* **What to work on**
Where the records below reach the line containing "#96=EDGE_LOOP('',(#73,#81,#89,#95));", start transcribing, and end with the line containing "#132=DIRECTION('',(0.,0.,1.));", exactly and with nothing else added.

Collected data
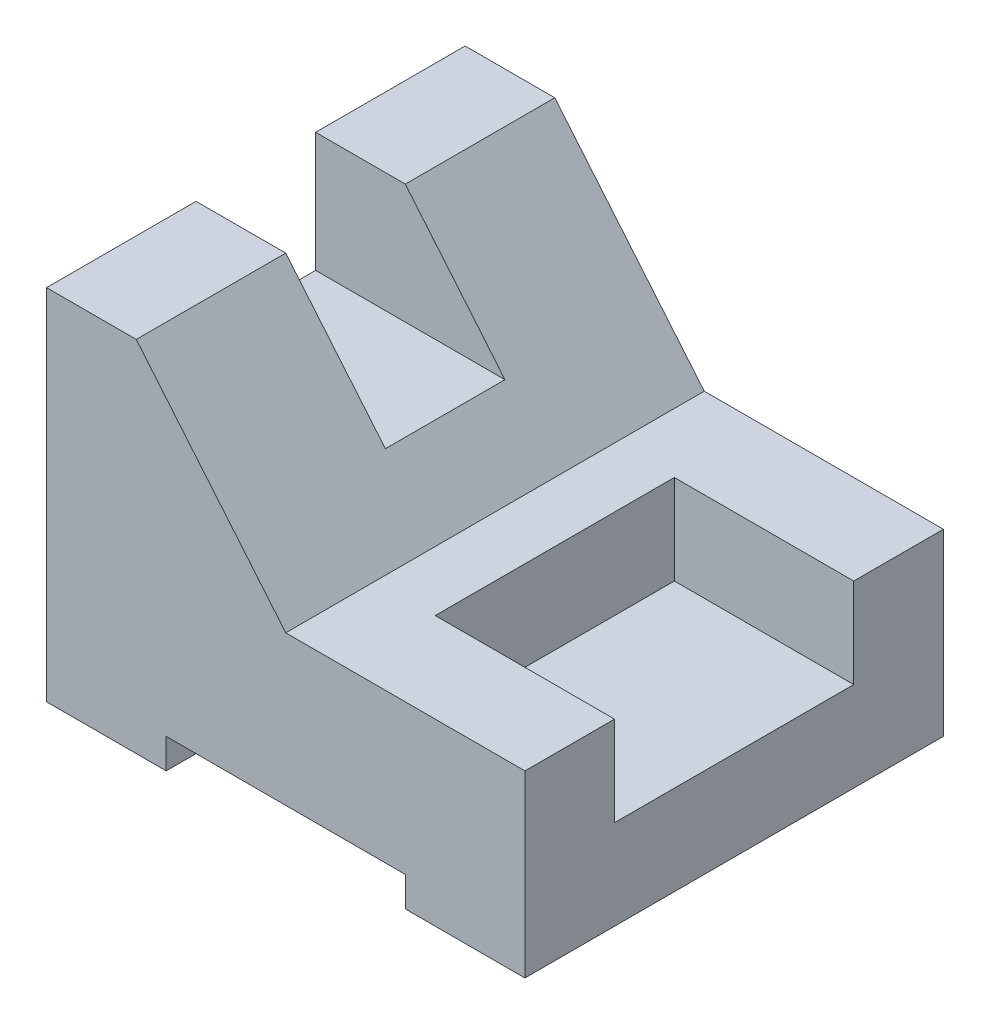
ISO-10303-21;
HEADER;
FILE_DESCRIPTION(('STEP AP214'),'2;1');
FILE_NAME('part.step','',(''),(''),'','','');
FILE_SCHEMA(('AUTOMOTIVE_DESIGN { 1 0 10303 214 1 1 1 1 }'));
ENDSEC;
DATA;
#1=APPLICATION_CONTEXT('core data for automotive mechanical design processes');
#2=APPLICATION_PROTOCOL_DEFINITION('international standard','automotive_design',2000,#1);
#3=PRODUCT_CONTEXT('',#1,'mechanical');
#4=PRODUCT('Part','Part','',(#3));
#5=PRODUCT_RELATED_PRODUCT_CATEGORY('part','',(#4));
#6=PRODUCT_DEFINITION_FORMATION('','',#4);
#7=PRODUCT_DEFINITION_CONTEXT('part definition',#1,'design');
#8=PRODUCT_DEFINITION('design','',#6,#7);
#9=PRODUCT_DEFINITION_SHAPE('','',#8);
#10=(LENGTH_UNIT() NAMED_UNIT(*) SI_UNIT(.MILLI.,.METRE.));
#11=(NAMED_UNIT(*) PLANE_ANGLE_UNIT() SI_UNIT($,.RADIAN.));
#12=(NAMED_UNIT(*) SI_UNIT($,.STERADIAN.) SOLID_ANGLE_UNIT());
#13=UNCERTAINTY_MEASURE_WITH_UNIT(LENGTH_MEASURE(1.E-05),#10,'distance_accuracy_value','');
#14=(GEOMETRIC_REPRESENTATION_CONTEXT(3) GLOBAL_UNCERTAINTY_ASSIGNED_CONTEXT((#13)) GLOBAL_UNIT_ASSIGNED_CONTEXT((#10,
#11,#12)) REPRESENTATION_CONTEXT('',''));
#15=CARTESIAN_POINT('',(0.,0.,0.));
#16=DIRECTION('',(0.,0.,1.));
#17=DIRECTION('',(1.,0.,0.));
#18=AXIS2_PLACEMENT_3D('',#15,#16,#17);
#19=CARTESIAN_POINT('',(0.,60.,35.));
#20=DIRECTION('',(0.,-1.,0.));
#21=DIRECTION('',(0.,0.,-1.));
#22=AXIS2_PLACEMENT_3D('',#19,#20,#21);
#23=PLANE('',#22);
#24=DIRECTION('',(-1.,0.,0.));
#25=VECTOR('',#24,1.);
#26=CARTESIAN_POINT('',(15.,60.,10.));
#27=LINE('',#26,#25);
#28=CARTESIAN_POINT('',(15.,60.,10.));
#29=VERTEX_POINT('',#28);
#30=CARTESIAN_POINT('',(0.,60.,10.));
#31=VERTEX_POINT('',#30);
#32=EDGE_CURVE('E203',#29,#31,#27,.T.);
#33=ORIENTED_EDGE('',*,*,#32,.T.);
#34=DIRECTION('',(0.,0.,-1.));
#35=VECTOR('',#34,1.);
#36=CARTESIAN_POINT('',(0.,60.,35.));
#37=LINE('',#36,#35);
#38=CARTESIAN_POINT('',(0.,60.,35.));
#39=VERTEX_POINT('',#38);
#40=EDGE_CURVE('E261',#39,#31,#37,.T.);
#41=ORIENTED_EDGE('',*,*,#40,.F.);
#42=DIRECTION('',(-1.,0.,0.));
#43=VECTOR('',#42,1.);
#44=CARTESIAN_POINT('',(0.,60.,35.));
#45=LINE('',#44,#43);
#46=CARTESIAN_POINT('',(15.,60.,35.));
#47=VERTEX_POINT('',#46);
#48=EDGE_CURVE('E231',#47,#39,#45,.T.);
#49=ORIENTED_EDGE('',*,*,#48,.F.);
#50=DIRECTION('',(0.,0.,-1.));
#51=VECTOR('',#50,1.);
#52=CARTESIAN_POINT('',(15.,60.,35.));
#53=LINE('',#52,#51);
#54=EDGE_CURVE('E265',#47,#29,#53,.T.);
#55=ORIENTED_EDGE('',*,*,#54,.T.);
#56=EDGE_LOOP('',(#33,#41,#49,#55));
#57=FACE_BOUND('',#56,.T.);
#58=ADVANCED_FACE('F33',(#57),#23,.F.);
#59=CARTESIAN_POINT('',(0.,0.,35.));
#60=DIRECTION('',(0.,1.,0.));
#61=DIRECTION('',(0.,0.,1.));
#62=AXIS2_PLACEMENT_3D('',#59,#60,#61);
#63=PLANE('',#62);
#64=DIRECTION('',(1.,0.,0.));
#65=VECTOR('',#64,1.);
#66=CARTESIAN_POINT('',(0.,0.,-35.));
#67=LINE('',#66,#65);
#68=CARTESIAN_POINT('',(0.,0.,-35.));
#69=VERTEX_POINT('',#68);
#70=CARTESIAN_POINT('',(20.,0.,-35.));
#71=VERTEX_POINT('',#70);
#72=EDGE_CURVE('E210',#69,#71,#67,.T.);
#73=ORIENTED_EDGE('',*,*,#72,.T.);
#74=DIRECTION('',(0.,0.,-1.));
#75=VECTOR('',#74,1.);
#76=CARTESIAN_POINT('',(20.,0.,35.));
#77=LINE('',#76,#75);
#78=CARTESIAN_POINT('',(20.,0.,35.));
#79=VERTEX_POINT('',#78);
#80=EDGE_CURVE('E11',#79,#71,#77,.T.);
#81=ORIENTED_EDGE('',*,*,#80,.F.);
#82=DIRECTION('',(1.,0.,0.));
#83=VECTOR('',#82,1.);
#84=CARTESIAN_POINT('',(0.,0.,35.));
#85=LINE('',#84,#83);
#86=CARTESIAN_POINT('',(0.,0.,35.));
#87=VERTEX_POINT('',#86);
#88=EDGE_CURVE('E213',#87,#79,#85,.T.);
#89=ORIENTED_EDGE('',*,*,#88,.F.);
#90=DIRECTION('',(0.,0.,-1.));
#91=VECTOR('',#90,1.);
#92=CARTESIAN_POINT('',(0.,0.,35.));
#93=LINE('',#92,#91);
#94=EDGE_CURVE('E235',#87,#69,#93,.T.);
#95=ORIENTED_EDGE('',*,*,#94,.T.);
#96=EDGE_LOOP('',(#73,#81,#89,#95));
#97=FACE_BOUND('',#96,.T.);
#98=ADVANCED_FACE('F35',(#97),#63,.F.);
#99=CARTESIAN_POINT('',(20.,0.,35.));
#100=DIRECTION('',(-1.,0.,0.));
#101=DIRECTION('',(0.,0.,1.));
#102=AXIS2_PLACEMENT_3D('',#99,#100,#101);
#103=PLANE('',#102);
#104=DIRECTION('',(0.,1.,0.));
#105=VECTOR('',#104,1.);
#106=CARTESIAN_POINT('',(20.,0.,-35.));
#107=LINE('',#106,#105);
#108=CARTESIAN_POINT('',(20.,5.,-35.));
#109=VERTEX_POINT('',#108);
#110=EDGE_CURVE('E238',#71,#109,#107,.T.);
#111=ORIENTED_EDGE('',*,*,#110,.T.);
#112=DIRECTION('',(0.,0.,-1.));
#113=VECTOR('',#112,1.);
#114=CARTESIAN_POINT('',(20.,5.,35.));
#115=LINE('',#114,#113);
#116=CARTESIAN_POINT('',(20.,5.,35.));
#117=VERTEX_POINT('',#116);
#118=EDGE_CURVE('E41',#117,#109,#115,.T.);
#119=ORIENTED_EDGE('',*,*,#118,.F.);
#120=DIRECTION('',(0.,1.,0.));
#121=VECTOR('',#120,1.);
#122=CARTESIAN_POINT('',(20.,0.,35.));
#123=LINE('',#122,#121);
#124=EDGE_CURVE('E216',#79,#117,#123,.T.);
#125=ORIENTED_EDGE('',*,*,#124,.F.);
#126=ORIENTED_EDGE('',*,*,#80,.T.);
#127=EDGE_LOOP('',(#111,#119,#125,#126));
#128=FACE_BOUND('',#127,.T.);
#129=ADVANCED_FACE('F310',(#128),#103,.F.);
#130=CARTESIAN_POINT('',(20.,5.,35.));
#131=DIRECTION('',(0.,1.,0.));
#132=DIRECTION('',(0.,0.,1.));
#133=AXIS2_PLACEMENT_3D('',#130,#131,#132);
#134=PLANE('',#133);
#135=DIRECTION('',(1.,0.,0.));
#136=VECTOR('',#135,1.);
#137=CARTESIAN_POINT('',(20.,5.,-35.));
#138=LINE('',#137,#136);
#139=CARTESIAN_POINT('',(60.,5.,-35.));
#140=VERTEX_POINT('',#139);
#141=EDGE_CURVE('E240',#109,#140,#138,.T.);
#142=ORIENTED_EDGE('',*,*,#141,.T.);
#143=DIRECTION('',(0.,0.,-1.));
#144=VECTOR('',#143,1.);
#145=CARTESIAN_POINT('',(60.,5.,35.));
#146=LINE('',#145,#144);
#147=CARTESIAN_POINT('',(60.,5.,35.));
#148=VERTEX_POINT('',#147);
#149=EDGE_CURVE('E280',#148,#140,#146,.T.);
#150=ORIENTED_EDGE('',*,*,#149,.F.);
#151=DIRECTION('',(1.,0.,0.));
#152=VECTOR('',#151,1.);
#153=CARTESIAN_POINT('',(20.,5.,35.));
#154=LINE('',#153,#152);
#155=EDGE_CURVE('E219',#117,#148,#154,.T.);
#156=ORIENTED_EDGE('',*,*,#155,.F.);
#157=ORIENTED_EDGE('',*,*,#118,.T.);
#158=EDGE_LOOP('',(#142,#150,#156,#157));
#159=FACE_BOUND('',#158,.T.);
#160=ADVANCED_FACE('F287',(#159),#134,.F.);
#161=CARTESIAN_POINT('',(60.,5.,35.));
#162=DIRECTION('',(1.,0.,0.));
#163=DIRECTION('',(0.,0.,-1.));
#164=AXIS2_PLACEMENT_3D('',#161,#162,#163);
#165=PLANE('',#164);
#166=DIRECTION('',(0.,-1.,0.));
#167=VECTOR('',#166,1.);
#168=CARTESIAN_POINT('',(60.,5.,-35.));
#169=LINE('',#168,#167);
#170=CARTESIAN_POINT('',(60.,0.,-35.));
#171=VERTEX_POINT('',#170);
#172=EDGE_CURVE('E242',#140,#171,#169,.T.);
#173=ORIENTED_EDGE('',*,*,#172,.T.);
#174=DIRECTION('',(0.,0.,-1.));
#175=VECTOR('',#174,1.);
#176=CARTESIAN_POINT('',(60.,0.,35.));
#177=LINE('',#176,#175);
#178=CARTESIAN_POINT('',(60.,0.,35.));
#179=VERTEX_POINT('',#178);
#180=EDGE_CURVE('E277',#179,#171,#177,.T.);
#181=ORIENTED_EDGE('',*,*,#180,.F.);
#182=DIRECTION('',(0.,-1.,0.));
#183=VECTOR('',#182,1.);
#184=CARTESIAN_POINT('',(60.,5.,35.));
#185=LINE('',#184,#183);
#186=EDGE_CURVE('E221',#148,#179,#185,.T.);
#187=ORIENTED_EDGE('',*,*,#186,.F.);
#188=ORIENTED_EDGE('',*,*,#149,.T.);
#189=EDGE_LOOP('',(#173,#181,#187,#188));
#190=FACE_BOUND('',#189,.T.);
#191=ADVANCED_FACE('F298',(#190),#165,.F.);
#192=CARTESIAN_POINT('',(60.,0.,35.));
#193=DIRECTION('',(0.,1.,0.));
#194=DIRECTION('',(0.,0.,1.));
#195=AXIS2_PLACEMENT_3D('',#192,#193,#194);
#196=PLANE('',#195);
#197=DIRECTION('',(1.,0.,0.));
#198=VECTOR('',#197,1.);
#199=CARTESIAN_POINT('',(60.,0.,-35.));
#200=LINE('',#199,#198);
#201=CARTESIAN_POINT('',(80.,0.,-35.));
#202=VERTEX_POINT('',#201);
#203=EDGE_CURVE('E244',#171,#202,#200,.T.);
#204=ORIENTED_EDGE('',*,*,#203,.T.);
#205=DIRECTION('',(0.,0.,-1.));
#206=VECTOR('',#205,1.);
#207=CARTESIAN_POINT('',(80.,0.,35.));
#208=LINE('',#207,#206);
#209=CARTESIAN_POINT('',(80.,0.,35.));
#210=VERTEX_POINT('',#209);
#211=EDGE_CURVE('E274',#210,#202,#208,.T.);
#212=ORIENTED_EDGE('',*,*,#211,.F.);
#213=DIRECTION('',(1.,0.,0.));
#214=VECTOR('',#213,1.);
#215=CARTESIAN_POINT('',(60.,0.,35.));
#216=LINE('',#215,#214);
#217=EDGE_CURVE('E223',#179,#210,#216,.T.);
#218=ORIENTED_EDGE('',*,*,#217,.F.);
#219=ORIENTED_EDGE('',*,*,#180,.T.);
#220=EDGE_LOOP('',(#204,#212,#218,#219));
#221=FACE_BOUND('',#220,.T.);
#222=ADVANCED_FACE('F302',(#221),#196,.F.);
#223=CARTESIAN_POINT('',(80.,0.,35.));
#224=DIRECTION('',(-1.,0.,0.));
#225=DIRECTION('',(0.,0.,1.));
#226=AXIS2_PLACEMENT_3D('',#223,#224,#225);
#227=PLANE('',#226);
#228=DIRECTION('',(0.,0.,-1.));
#229=VECTOR('',#228,1.);
#230=CARTESIAN_POINT('',(80.,30.,35.));
#231=LINE('',#230,#229);
#232=CARTESIAN_POINT('',(80.,30.,-20.));
#233=VERTEX_POINT('',#232);
#234=CARTESIAN_POINT('',(80.,30.,-35.));
#235=VERTEX_POINT('',#234);
#236=EDGE_CURVE('E271',#233,#235,#231,.T.);
#237=ORIENTED_EDGE('',*,*,#236,.F.);
#238=DIRECTION('',(0.,-1.,0.));
#239=VECTOR('',#238,1.);
#240=CARTESIAN_POINT('',(80.,30.,-20.));
#241=LINE('',#240,#239);
#242=CARTESIAN_POINT('',(80.,15.,-20.));
#243=VERTEX_POINT('',#242);
#244=EDGE_CURVE('E164',#233,#243,#241,.T.);
#245=ORIENTED_EDGE('',*,*,#244,.T.);
#246=DIRECTION('',(0.,0.,1.));
#247=VECTOR('',#246,1.);
#248=CARTESIAN_POINT('',(80.,15.,-20.));
#249=LINE('',#248,#247);
#250=CARTESIAN_POINT('',(80.,15.,20.));
#251=VERTEX_POINT('',#250);
#252=EDGE_CURVE('E181',#243,#251,#249,.T.);
#253=ORIENTED_EDGE('',*,*,#252,.T.);
#254=DIRECTION('',(0.,-1.,0.));
#255=VECTOR('',#254,1.);
#256=CARTESIAN_POINT('',(80.,30.,20.));
#257=LINE('',#256,#255);
#258=CARTESIAN_POINT('',(80.,30.,20.));
#259=VERTEX_POINT('',#258);
#260=EDGE_CURVE('E336',#259,#251,#257,.T.);
#261=ORIENTED_EDGE('',*,*,#260,.F.);
#262=CARTESIAN_POINT('',(80.,30.,35.));
#263=VERTEX_POINT('',#262);
#264=EDGE_CURVE('E272',#263,#259,#231,.T.);
#265=ORIENTED_EDGE('',*,*,#264,.F.);
#266=DIRECTION('',(0.,1.,0.));
#267=VECTOR('',#266,1.);
#268=CARTESIAN_POINT('',(80.,0.,35.));
#269=LINE('',#268,#267);
#270=EDGE_CURVE('E225',#210,#263,#269,.T.);
#271=ORIENTED_EDGE('',*,*,#270,.F.);
#272=ORIENTED_EDGE('',*,*,#211,.T.);
#273=DIRECTION('',(0.,1.,0.));
#274=VECTOR('',#273,1.);
#275=CARTESIAN_POINT('',(80.,0.,-35.));
#276=LINE('',#275,#274);
#277=EDGE_CURVE('E246',#202,#235,#276,.T.);
#278=ORIENTED_EDGE('',*,*,#277,.T.);
#279=EDGE_LOOP('',(#237,#245,#253,#261,#265,#271,#272,#278));
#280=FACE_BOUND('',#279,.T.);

* **Worked solution**
#96=EDGE_LOOP('',(#73,#81,#89,#95));
#97=FACE_BOUND('',#96,.T.);
#98=ADVANCED_FACE('F35',(#97),#63,.F.);
#99=CARTESIAN_POINT('',(20.,0.,35.));
#100=DIRECTION('',(-1.,0.,0.));
#101=DIRECTION('',(0.,0.,1.));
#102=AXIS2_PLACEMENT_3D('',#99,#100,#101);
#103=PLANE('',#102);
#104=DIRECTION('',(0.,1.,0.));
#105=VECTOR('',#104,1.);
#106=CARTESIAN_POINT('',(20.,0.,-35.));
#107=LINE('',#106,#105);
#108=CARTESIAN_POINT('',(20.,5.,-35.));
#109=VERTEX_POINT('',#108);
#110=EDGE_CURVE('E238',#71,#109,#107,.T.);
#111=ORIENTED_EDGE('',*,*,#110,.T.);
#112=DIRECTION('',(0.,0.,-1.));
#113=VECTOR('',#112,1.);
#114=CARTESIAN_POINT('',(20.,5.,35.));
#115=LINE('',#114,#113);
#116=CARTESIAN_POINT('',(20.,5.,35.));
#117=VERTEX_POINT('',#116);
#118=EDGE_CURVE('E41',#117,#109,#115,.T.);
#119=ORIENTED_EDGE('',*,*,#118,.F.);
#120=DIRECTION('',(0.,1.,0.));
#121=VECTOR('',#120,1.);
#122=CARTESIAN_POINT('',(20.,0.,35.));
#123=LINE('',#122,#121);
#124=EDGE_CURVE('E216',#79,#117,#123,.T.);
#125=ORIENTED_EDGE('',*,*,#124,.F.);
#126=ORIENTED_EDGE('',*,*,#80,.T.);
#127=EDGE_LOOP('',(#111,#119,#125,#126));
#128=FACE_BOUND('',#127,.T.);
#129=ADVANCED_FACE('F310',(#128),#103,.F.);
#130=CARTESIAN_POINT('',(20.,5.,35.));
#131=DIRECTION('',(0.,1.,0.));
#132=DIRECTION('',(0.,0.,1.));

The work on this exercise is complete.